*PROBLEM DESCRIPTION*
Restate exactly the lines from the top of the listing below to the line containing "skinparam shadowing false"; the remaining lines are not wanted.

*** Opening of DATASET ENTRIES ***

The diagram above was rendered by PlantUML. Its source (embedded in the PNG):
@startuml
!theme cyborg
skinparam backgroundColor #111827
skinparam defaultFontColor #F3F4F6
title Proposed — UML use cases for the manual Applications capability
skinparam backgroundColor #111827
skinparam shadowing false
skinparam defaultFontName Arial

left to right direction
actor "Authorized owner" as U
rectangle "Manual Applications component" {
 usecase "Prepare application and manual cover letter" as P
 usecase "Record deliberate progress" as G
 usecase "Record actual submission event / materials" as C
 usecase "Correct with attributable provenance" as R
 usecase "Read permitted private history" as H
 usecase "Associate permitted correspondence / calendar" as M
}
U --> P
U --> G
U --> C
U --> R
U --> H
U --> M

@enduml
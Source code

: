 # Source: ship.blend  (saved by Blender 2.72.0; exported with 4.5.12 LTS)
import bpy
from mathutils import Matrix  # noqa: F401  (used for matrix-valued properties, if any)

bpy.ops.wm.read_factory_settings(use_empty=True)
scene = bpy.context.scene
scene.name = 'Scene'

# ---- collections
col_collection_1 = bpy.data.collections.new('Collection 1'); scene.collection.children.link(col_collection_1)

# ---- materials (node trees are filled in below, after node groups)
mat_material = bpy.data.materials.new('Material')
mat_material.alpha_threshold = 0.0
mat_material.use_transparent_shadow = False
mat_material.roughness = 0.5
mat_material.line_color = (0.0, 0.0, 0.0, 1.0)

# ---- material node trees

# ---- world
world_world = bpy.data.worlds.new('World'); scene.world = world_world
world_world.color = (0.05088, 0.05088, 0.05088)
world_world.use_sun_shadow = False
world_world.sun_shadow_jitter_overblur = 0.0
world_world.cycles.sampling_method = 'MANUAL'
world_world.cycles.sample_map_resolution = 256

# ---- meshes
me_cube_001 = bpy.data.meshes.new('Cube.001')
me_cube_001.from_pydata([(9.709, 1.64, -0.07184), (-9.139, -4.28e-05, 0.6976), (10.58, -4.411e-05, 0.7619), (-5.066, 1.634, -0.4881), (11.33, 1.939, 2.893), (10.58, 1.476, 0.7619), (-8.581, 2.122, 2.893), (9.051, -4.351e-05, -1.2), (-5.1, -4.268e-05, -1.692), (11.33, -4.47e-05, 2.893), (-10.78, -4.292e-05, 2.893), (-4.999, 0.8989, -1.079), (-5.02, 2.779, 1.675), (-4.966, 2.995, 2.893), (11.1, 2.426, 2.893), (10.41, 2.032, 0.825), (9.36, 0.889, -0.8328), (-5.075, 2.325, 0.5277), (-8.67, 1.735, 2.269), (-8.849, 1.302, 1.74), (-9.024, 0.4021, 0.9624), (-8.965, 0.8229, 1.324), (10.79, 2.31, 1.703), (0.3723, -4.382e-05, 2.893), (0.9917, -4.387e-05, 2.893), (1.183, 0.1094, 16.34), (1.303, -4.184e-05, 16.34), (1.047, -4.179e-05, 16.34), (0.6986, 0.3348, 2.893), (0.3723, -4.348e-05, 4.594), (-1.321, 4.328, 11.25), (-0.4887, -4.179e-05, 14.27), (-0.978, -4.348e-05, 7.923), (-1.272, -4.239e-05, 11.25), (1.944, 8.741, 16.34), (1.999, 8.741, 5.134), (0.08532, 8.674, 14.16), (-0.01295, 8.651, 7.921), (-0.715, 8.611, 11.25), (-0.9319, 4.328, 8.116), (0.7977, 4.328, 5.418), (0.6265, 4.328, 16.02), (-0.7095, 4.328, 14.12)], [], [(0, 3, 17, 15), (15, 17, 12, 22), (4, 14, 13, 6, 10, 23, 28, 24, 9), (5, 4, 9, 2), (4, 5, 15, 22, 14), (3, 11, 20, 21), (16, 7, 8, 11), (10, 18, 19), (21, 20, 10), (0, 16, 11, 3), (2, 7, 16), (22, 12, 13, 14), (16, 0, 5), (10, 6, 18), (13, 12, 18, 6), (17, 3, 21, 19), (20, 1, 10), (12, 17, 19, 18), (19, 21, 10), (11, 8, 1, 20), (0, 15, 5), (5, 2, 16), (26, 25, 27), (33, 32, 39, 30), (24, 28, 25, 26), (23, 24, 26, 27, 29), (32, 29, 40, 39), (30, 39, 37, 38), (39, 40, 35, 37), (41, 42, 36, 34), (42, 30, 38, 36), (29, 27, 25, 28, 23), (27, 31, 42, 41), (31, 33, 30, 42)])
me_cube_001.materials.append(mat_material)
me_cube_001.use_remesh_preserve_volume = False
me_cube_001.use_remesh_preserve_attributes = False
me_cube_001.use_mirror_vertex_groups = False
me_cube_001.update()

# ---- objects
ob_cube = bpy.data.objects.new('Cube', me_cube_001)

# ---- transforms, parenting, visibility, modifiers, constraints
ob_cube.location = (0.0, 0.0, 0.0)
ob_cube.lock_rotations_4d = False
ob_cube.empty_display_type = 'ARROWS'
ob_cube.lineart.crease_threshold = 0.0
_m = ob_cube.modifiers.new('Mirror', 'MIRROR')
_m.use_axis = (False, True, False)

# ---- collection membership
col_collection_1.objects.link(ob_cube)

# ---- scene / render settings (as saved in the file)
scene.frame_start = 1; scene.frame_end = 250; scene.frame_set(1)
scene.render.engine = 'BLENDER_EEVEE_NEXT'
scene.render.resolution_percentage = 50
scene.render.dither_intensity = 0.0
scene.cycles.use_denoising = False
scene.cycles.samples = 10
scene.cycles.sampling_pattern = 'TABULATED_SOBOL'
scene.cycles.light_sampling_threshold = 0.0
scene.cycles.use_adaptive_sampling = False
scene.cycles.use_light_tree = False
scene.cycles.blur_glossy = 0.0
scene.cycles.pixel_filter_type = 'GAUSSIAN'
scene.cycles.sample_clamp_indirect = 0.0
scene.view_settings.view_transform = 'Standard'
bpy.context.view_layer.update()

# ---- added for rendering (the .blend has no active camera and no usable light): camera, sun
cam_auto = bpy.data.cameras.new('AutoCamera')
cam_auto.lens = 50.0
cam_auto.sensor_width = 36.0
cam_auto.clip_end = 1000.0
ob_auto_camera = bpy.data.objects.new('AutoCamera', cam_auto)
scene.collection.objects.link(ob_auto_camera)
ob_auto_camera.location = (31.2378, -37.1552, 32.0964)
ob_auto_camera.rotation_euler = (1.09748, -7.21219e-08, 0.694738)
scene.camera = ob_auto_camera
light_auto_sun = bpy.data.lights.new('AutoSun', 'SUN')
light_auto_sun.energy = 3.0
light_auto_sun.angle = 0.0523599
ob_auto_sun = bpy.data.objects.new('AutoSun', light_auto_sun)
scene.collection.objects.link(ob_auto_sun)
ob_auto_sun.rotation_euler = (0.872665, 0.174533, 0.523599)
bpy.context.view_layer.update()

*** Close of DATASET ENTRIES ***

*WRITTEN REPLY*
The diagram above was rendered by PlantUML. Its source (embedded in the PNG):
@startuml
!theme cyborg
skinparam backgroundColor #111827
skinparam defaultFontColor #F3F4F6
title Proposed — UML use cases for the manual Applications capability
skinparam backgroundColor #111827
skinparam shadowing false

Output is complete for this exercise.